Possibilitar um futuro melhor para crianças e adolescentes em situação de vulnerabilidade social a partir do esporte. Esse é um dos propósitos do projeto One World Futbol, que beneficiará 30 escolas da rede municipal com a doação de bolas de futebol. A solenidade que oficializou a entrega do material foi realizada na quadra poliesportiva da Unidade de Educação Básica (U.E.B.) Maria Alice Coutinho.

Participaram do evento crianças e adolescentes das escolas beneficiadas, professores e gestores escolares, o secretário municipal de Educação, Geraldo Castro Sobrinho, e também o jogador de futebol Josimar Higino Pereira, ex-lateral direito do Botafogo e titular da seleção brasileira que disputou a Copa do Mundo de 1986.

O evento contou com apresentações da banda municipal Amadeus Mozart e das crianças da U.E.B. Maria Alice Coutinho, que encenaram a coreografia da música “Azul do Sertão”, de Luís Gonzaga.

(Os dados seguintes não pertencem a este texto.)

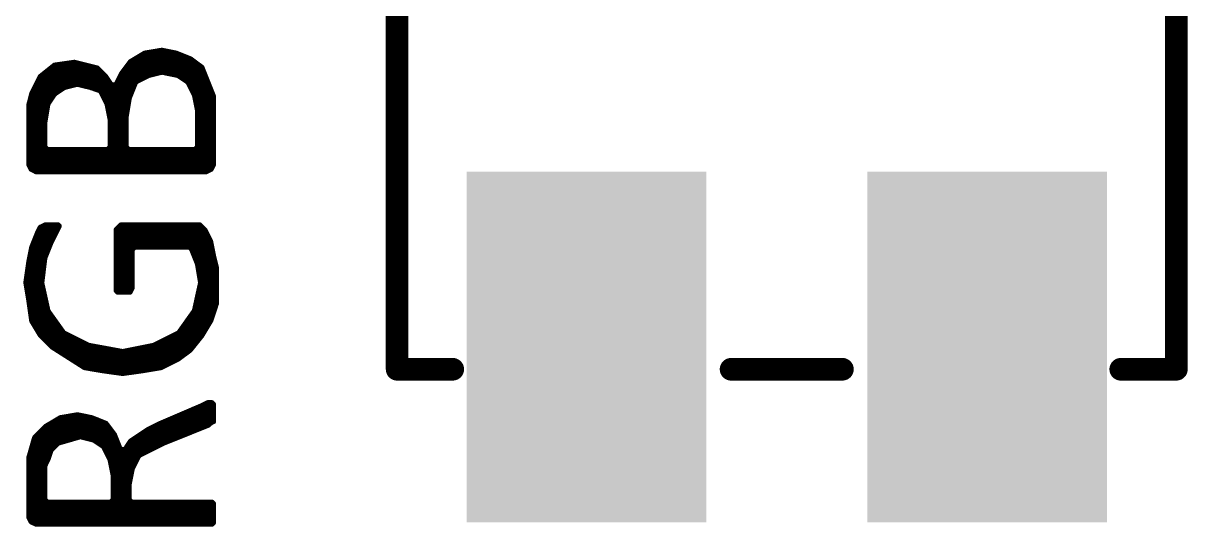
# Model space of a CAD drawing. Extents: x 17.3 to 58.6, y 21.7 to 91.7.
# Drawn here: x 28.47 to 33.7, y 40.9 to 43.16 of the extents above; entities that cross this region are included whole.
import ezdxf

# ---------------------------------------------------------------- set-up
doc = ezdxf.new("R2010")
doc.units = 0
doc.header["$MEASUREMENT"] = 0
doc.layers.get('0').update_dxf_attribs({"linetype": 'CONTINUOUS'})
doc.layers.add('SILKTOP_PHO', color=251, linetype='CONTINUOUS', true_color=0x636466)

# ---------------------------------------------------------------- blocks, each defined once
blk = doc.blocks.new('ROUND_191')
at = {"const_width": 0.0127}
blk.add_lwpolyline([(-0.00635, 0, 1), (0.00635, 0, 1)], format="xyb", close=True, dxfattribs=at)
blk = doc.blocks.new('ROUND_16')
at = {"const_width": 0.0508}
blk.add_lwpolyline([(-0.0254, 0, 1), (0.0254, 0, 1)], format="xyb", close=True, dxfattribs=at)
blk = doc.blocks.new('RECTANGLE_60')
blk.add_solid([(0.538098, 0.788162), (0.538098, -0.788162), (-0.538098, 0.788162), (-0.538098, -0.788162)])

msp = doc.modelspace()

# ---------------------------------------------------------------- linework, layer by layer
at = {"layer": 'SILKTOP_PHO', "color": 251, "true_color": 0x636466}
for points, const_width in [([(30.150054, 41.604438), (30.150054, 45.104558)], 0.1016), ([(33.64992, 44.854622), (33.64992, 41.604438)], 0.1016), ([(29.09316, 43.035982), (29.016706, 43.023282)], 0.0254), ([(29.0576, 42.931334), (29.0576, 43.03014)], 0.0254), ([(29.083, 42.937684), (29.083, 43.034458)], 0.0254), ([(29.157422, 43.023282), (29.09316, 43.035982)], 0.0254), ([(29.1084, 42.937176), (29.1084, 43.032934)], 0.0254), ([(29.1338, 42.932096), (29.1338, 43.027854)], 0.0254), ([(28.700222, 42.98188), (28.611576, 42.96918)], 0.0254), ([(28.6512, 42.868596), (28.6512, 42.975022)], 0.0254), ([(28.6766, 42.876724), (28.6766, 42.978578)], 0.0254), ([(28.802838, 42.956226), (28.700222, 42.98188)], 0.0254), ([(28.702, 42.883074), (28.702, 42.981372)], 0.0254), ([(28.7274, 42.88282), (28.7274, 42.975022)], 0.0254), ([(28.953206, 42.985182), (28.914852, 42.934128)], 0.0254), ([(29.016706, 43.023282), (28.953206, 42.985182)], 0.0254), ([(28.956, 42.848022), (28.956, 42.98696)], 0.0254), ([(28.9814, 42.898822), (28.9814, 43.0022)], 0.0254), ([(29.0068, 42.911522), (29.0068, 43.01744)], 0.0254), ([(29.0322, 42.924222), (29.0322, 43.025822)], 0.0254), ([(29.222446, 42.99712), (29.157422, 43.023282)], 0.0254), ([(29.1592, 42.927016), (29.1592, 43.02252)], 0.0254), ([(29.1846, 42.9133), (29.1846, 43.01236)], 0.0254), ([(29.21, 42.896282), (29.21, 43.0022)], 0.0254), ([(29.272484, 42.959782), (29.222446, 42.99712)], 0.0254), ([(29.2354, 42.847514), (29.2354, 42.987468)], 0.0254), ([(28.611576, 42.96918), (28.548584, 42.918888)], 0.0254), ([(28.575, 42.762932), (28.575, 42.93997)], 0.0254), ([(28.6004, 42.826178), (28.6004, 42.96029)], 0.0254), ([(28.6258, 42.851832), (28.6258, 42.971212)], 0.0254), ([(28.7528, 42.87647), (28.7528, 42.968672)], 0.0254), ([(28.7782, 42.869612), (28.7782, 42.962322)], 0.0254), ([(28.839922, 42.919142), (28.802838, 42.956226)], 0.0254), ([(28.8036, 42.86123), (28.8036, 42.955464)], 0.0254), ([(28.829, 42.834814), (28.829, 42.930064)], 0.0254), ([(28.914852, 42.934128), (28.888182, 42.880788)], 0.0254), ([(28.9306, 42.493184), (28.9306, 42.954956)], 0.0254), ([(28.979368, 42.89806), (29.033724, 42.924984)], 0.0254), ([(29.033724, 42.924984), (29.036264, 42.926)], 0.0254), ([(29.036264, 42.926), (29.090366, 42.939462)], 0.0254), ([(29.090366, 42.939462), (29.095954, 42.939716)], 0.0254), ([(29.095954, 42.939716), (29.163518, 42.926)], 0.0254), ([(29.163518, 42.926), (29.16809, 42.924222)], 0.0254), ([(29.16809, 42.924222), (29.20873, 42.897044)], 0.0254), ([(29.2608, 42.493184), (29.2608, 42.968418)], 0.0254), ([(29.3243, 42.829988), (29.272484, 42.959782)], 0.0254), ([(29.2862, 42.493184), (29.2862, 42.925238)], 0.0254), ([(28.548584, 42.918888), (28.509976, 42.841672)], 0.0254), ([(28.5242, 42.495216), (28.5242, 42.87012)], 0.0254), ([(28.5496, 42.493184), (28.5496, 42.91965)], 0.0254), ([(28.612592, 42.842942), (28.653232, 42.87012)], 0.0254), ([(28.653232, 42.87012), (28.657296, 42.871898)], 0.0254), ([(28.657296, 42.871898), (28.711398, 42.88536)], 0.0254), ([(28.711398, 42.88536), (28.717494, 42.88536)], 0.0254), ([(28.717494, 42.88536), (28.771596, 42.871898)], 0.0254), ([(28.771596, 42.871898), (28.772612, 42.871644)], 0.0254), ([(28.772612, 42.871644), (28.813252, 42.857928)], 0.0254), ([(28.866338, 42.879518), (28.839922, 42.919142)], 0.0254), ([(28.8544, 42.76598), (28.8544, 42.897298)], 0.0254), ([(28.888182, 42.880788), (28.866338, 42.879518)], 0.0254), ([(28.8798, 42.493184), (28.8798, 42.874184)], 0.0254), ([(28.9052, 42.493184), (28.9052, 42.914824)], 0.0254), ([(28.946348, 42.823638), (28.973272, 42.891202)], 0.0254), ([(28.973272, 42.891202), (28.979368, 42.89806)], 0.0254), ([(29.20873, 42.897044), (29.213048, 42.892218)], 0.0254), ([(29.213048, 42.892218), (29.239972, 42.838116)], 0.0254), ([(28.509976, 42.841672), (28.497022, 42.790364)], 0.0254), ([(28.582112, 42.799), (28.60929, 42.839386)], 0.0254), ([(28.60929, 42.839386), (28.612592, 42.842942)], 0.0254), ([(28.813252, 42.857928), (28.820618, 42.851578)], 0.0254), ([(28.820618, 42.851578), (28.847542, 42.797476)], 0.0254), ([(28.932124, 42.739818), (28.945586, 42.821098)], 0.0254), ([(28.945586, 42.821098), (28.946348, 42.823638)], 0.0254), ([(29.239972, 42.838116), (29.241242, 42.835068)], 0.0254), ([(29.241242, 42.835068), (29.254704, 42.76725)], 0.0254), ([(29.3116, 42.502328), (29.3116, 42.861738)], 0.0254), ([(29.3243, 42.524172), (29.3243, 42.829988)], 0.0254), ([(28.497022, 42.790364), (28.497022, 42.524172)], 0.0254), ([(28.4988, 42.52087), (28.4988, 42.796968)], 0.0254), ([(28.566618, 42.71264), (28.58008, 42.79392)], 0.0254), ([(28.58008, 42.79392), (28.582112, 42.799)], 0.0254), ([(28.847542, 42.797476), (28.848812, 42.794428)], 0.0254), ([(28.848812, 42.794428), (28.862274, 42.72661)], 0.0254), ([(29.254704, 42.76725), (29.254958, 42.76471)], 0.0254), ([(28.862274, 42.72661), (28.862528, 42.72407)], 0.0254), ([(28.862528, 42.72407), (28.862528, 42.602404)], 0.0254), ([(28.93187, 42.737786), (28.932124, 42.739818)], 0.0254), ([(28.93187, 42.602404), (28.93187, 42.737786)], 0.0254), ([(29.254958, 42.76471), (29.254958, 42.602404)], 0.0254), ([(28.566364, 42.710608), (28.566618, 42.71264)], 0.0254), ([(28.566364, 42.602404), (28.566364, 42.710608)], 0.0254), ([(28.579064, 42.589704), (28.566364, 42.602404)], 0.0254), ([(28.575, 42.493184), (28.575, 42.590466)], 0.0254), ([(28.849828, 42.589704), (28.579064, 42.589704)], 0.0254), ([(28.6004, 42.493184), (28.6004, 42.589704)], 0.0254), ([(28.6258, 42.493184), (28.6258, 42.589704)], 0.0254), ([(28.6512, 42.493184), (28.6512, 42.589704)], 0.0254), ([(28.6766, 42.493184), (28.6766, 42.589704)], 0.0254), ([(28.702, 42.493184), (28.702, 42.589704)], 0.0254), ([(28.7274, 42.493184), (28.7274, 42.589704)], 0.0254), ([(28.7528, 42.493184), (28.7528, 42.589704)], 0.0254), ([(28.7782, 42.493184), (28.7782, 42.589704)], 0.0254), ([(28.8036, 42.493184), (28.8036, 42.589704)], 0.0254), ([(28.829, 42.493184), (28.829, 42.589704)], 0.0254), ([(28.862528, 42.602404), (28.849828, 42.589704)], 0.0254), ([(28.8544, 42.493184), (28.8544, 42.590466)], 0.0254), ([(28.94457, 42.589704), (28.93187, 42.602404)], 0.0254), ([(29.242258, 42.589704), (28.94457, 42.589704)], 0.0254), ([(28.956, 42.493184), (28.956, 42.589704)], 0.0254), ([(28.9814, 42.493184), (28.9814, 42.589704)], 0.0254), ([(29.0068, 42.493184), (29.0068, 42.589704)], 0.0254), ([(29.0322, 42.493184), (29.0322, 42.589704)], 0.0254), ([(29.0576, 42.493184), (29.0576, 42.589704)], 0.0254), ([(29.083, 42.493184), (29.083, 42.589704)], 0.0254), ([(29.1084, 42.493184), (29.1084, 42.589704)], 0.0254), ([(29.1338, 42.493184), (29.1338, 42.589704)], 0.0254), ([(29.1592, 42.493184), (29.1592, 42.589704)], 0.0254), ([(29.1846, 42.493184), (29.1846, 42.589704)], 0.0254), ([(29.21, 42.493184), (29.21, 42.589704)], 0.0254), ([(29.2354, 42.493184), (29.2354, 42.589704)], 0.0254), ([(29.254958, 42.602404), (29.242258, 42.589704)], 0.0254), ([(28.497022, 42.524172), (28.507436, 42.503598)], 0.0254), ([(29.313886, 42.503598), (29.3243, 42.524172)], 0.0254), ([(28.507436, 42.503598), (28.52801, 42.493184)], 0.0254), ([(28.52801, 42.493184), (29.293312, 42.493184)], 0.0254), ([(29.293312, 42.493184), (29.313886, 42.503598)], 0.0254), ([(28.56865, 42.251376), (28.548076, 42.240962)], 0.0254), ([(28.628086, 42.251376), (28.56865, 42.251376)], 0.0254), ([(28.575, 42.125392), (28.575, 42.251376)], 0.0254), ([(28.594812, 42.174922), (28.631388, 42.248074)], 0.0254), ([(28.6004, 42.186098), (28.6004, 42.251376)], 0.0254), ([(28.6258, 42.236898), (28.6258, 42.251376)], 0.0254), ([(28.631388, 42.248074), (28.628086, 42.251376)], 0.0254), ([(28.909264, 42.251376), (28.889706, 42.231818)], 0.0254), ([(28.9052, 41.95191), (28.9052, 42.247312)], 0.0254), ([(29.264102, 42.251376), (28.909264, 42.251376)], 0.0254), ([(28.9306, 41.95191), (28.9306, 42.251376)], 0.0254), ([(28.956, 41.963594), (28.956, 42.251376)], 0.0254), ([(28.9814, 42.154856), (28.9814, 42.251376)], 0.0254), ([(29.0068, 42.154856), (29.0068, 42.251376)], 0.0254), ([(29.0322, 42.154856), (29.0322, 42.251376)], 0.0254), ([(29.0576, 42.154856), (29.0576, 42.251376)], 0.0254), ([(29.083, 42.154856), (29.083, 42.251376)], 0.0254), ([(29.1084, 42.154856), (29.1084, 42.251376)], 0.0254), ([(29.1338, 42.154856), (29.1338, 42.251376)], 0.0254), ([(29.1592, 42.154856), (29.1592, 42.251376)], 0.0254), ([(29.1846, 42.154856), (29.1846, 42.251376)], 0.0254), ([(29.21, 42.154856), (29.21, 42.251376)], 0.0254), ([(29.2354, 42.1259), (29.2354, 42.251376)], 0.0254), ([(29.2608, 42.04081), (29.2608, 42.251376)], 0.0254), ([(29.285946, 42.229532), (29.264102, 42.251376)], 0.0254), ([(28.536646, 42.218356), (28.51023, 42.152062)], 0.0254), ([(28.548076, 42.240962), (28.536646, 42.218356)], 0.0254), ([(28.5496, 41.756838), (28.5496, 42.241978)], 0.0254), ([(28.889706, 42.231818), (28.889706, 41.958006)], 0.0254), ([(29.311346, 42.178732), (29.285946, 42.229532)], 0.0254), ([(29.2862, 41.779952), (29.2862, 42.229024)], 0.0254), ([(28.51023, 42.152062), (28.497022, 42.086022)], 0.0254), ([(28.5242, 41.798494), (28.5242, 42.187114)], 0.0254), ([(28.56738, 42.106342), (28.594558, 42.17416)], 0.0254), ([(28.594558, 42.17416), (28.594812, 42.174922)], 0.0254), ([(28.958794, 42.142156), (28.971494, 42.154856)], 0.0254), ([(28.958794, 41.969436), (28.958794, 42.142156)], 0.0254), ([(28.971494, 42.154856), (29.21508, 42.154856)], 0.0254), ([(29.21508, 42.154856), (29.227018, 42.146982)], 0.0254), ([(29.227018, 42.146982), (29.253942, 42.079418)], 0.0254), ([(29.324554, 42.112692), (29.311346, 42.178732)], 0.0254), ([(29.3116, 41.82237), (29.3116, 42.177462)], 0.0254), ([(28.497022, 42.086022), (28.483814, 41.993566)], 0.0254), ([(28.4988, 41.901364), (28.4988, 42.095166)], 0.0254), ([(28.553156, 41.99509), (28.566618, 42.103294)], 0.0254), ([(28.566618, 42.103294), (28.56738, 42.106342)], 0.0254), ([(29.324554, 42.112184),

O ex-jogador e o secretário de Educação deram o pontapé inicial para abertura do projeto. Geraldo Castro Sobrinho ressaltou o propósito da ação, que é proporcionar uma iniciação esportiva às crianças no ambiente escolar.

“O prefeito Edivaldo Holanda Júnior busca capacitar e desenvolver integralmente a educação das nossas crianças. Agradeço à ong One World Futbol por esta parceria, que possibilitou às nossas escolas receber um material de grande qualidade, que vai ser muito bem usado por nossos estudantes e educadores físicos como mais uma forma de lazer, esporte e alegria”, destacou o titular da pasta.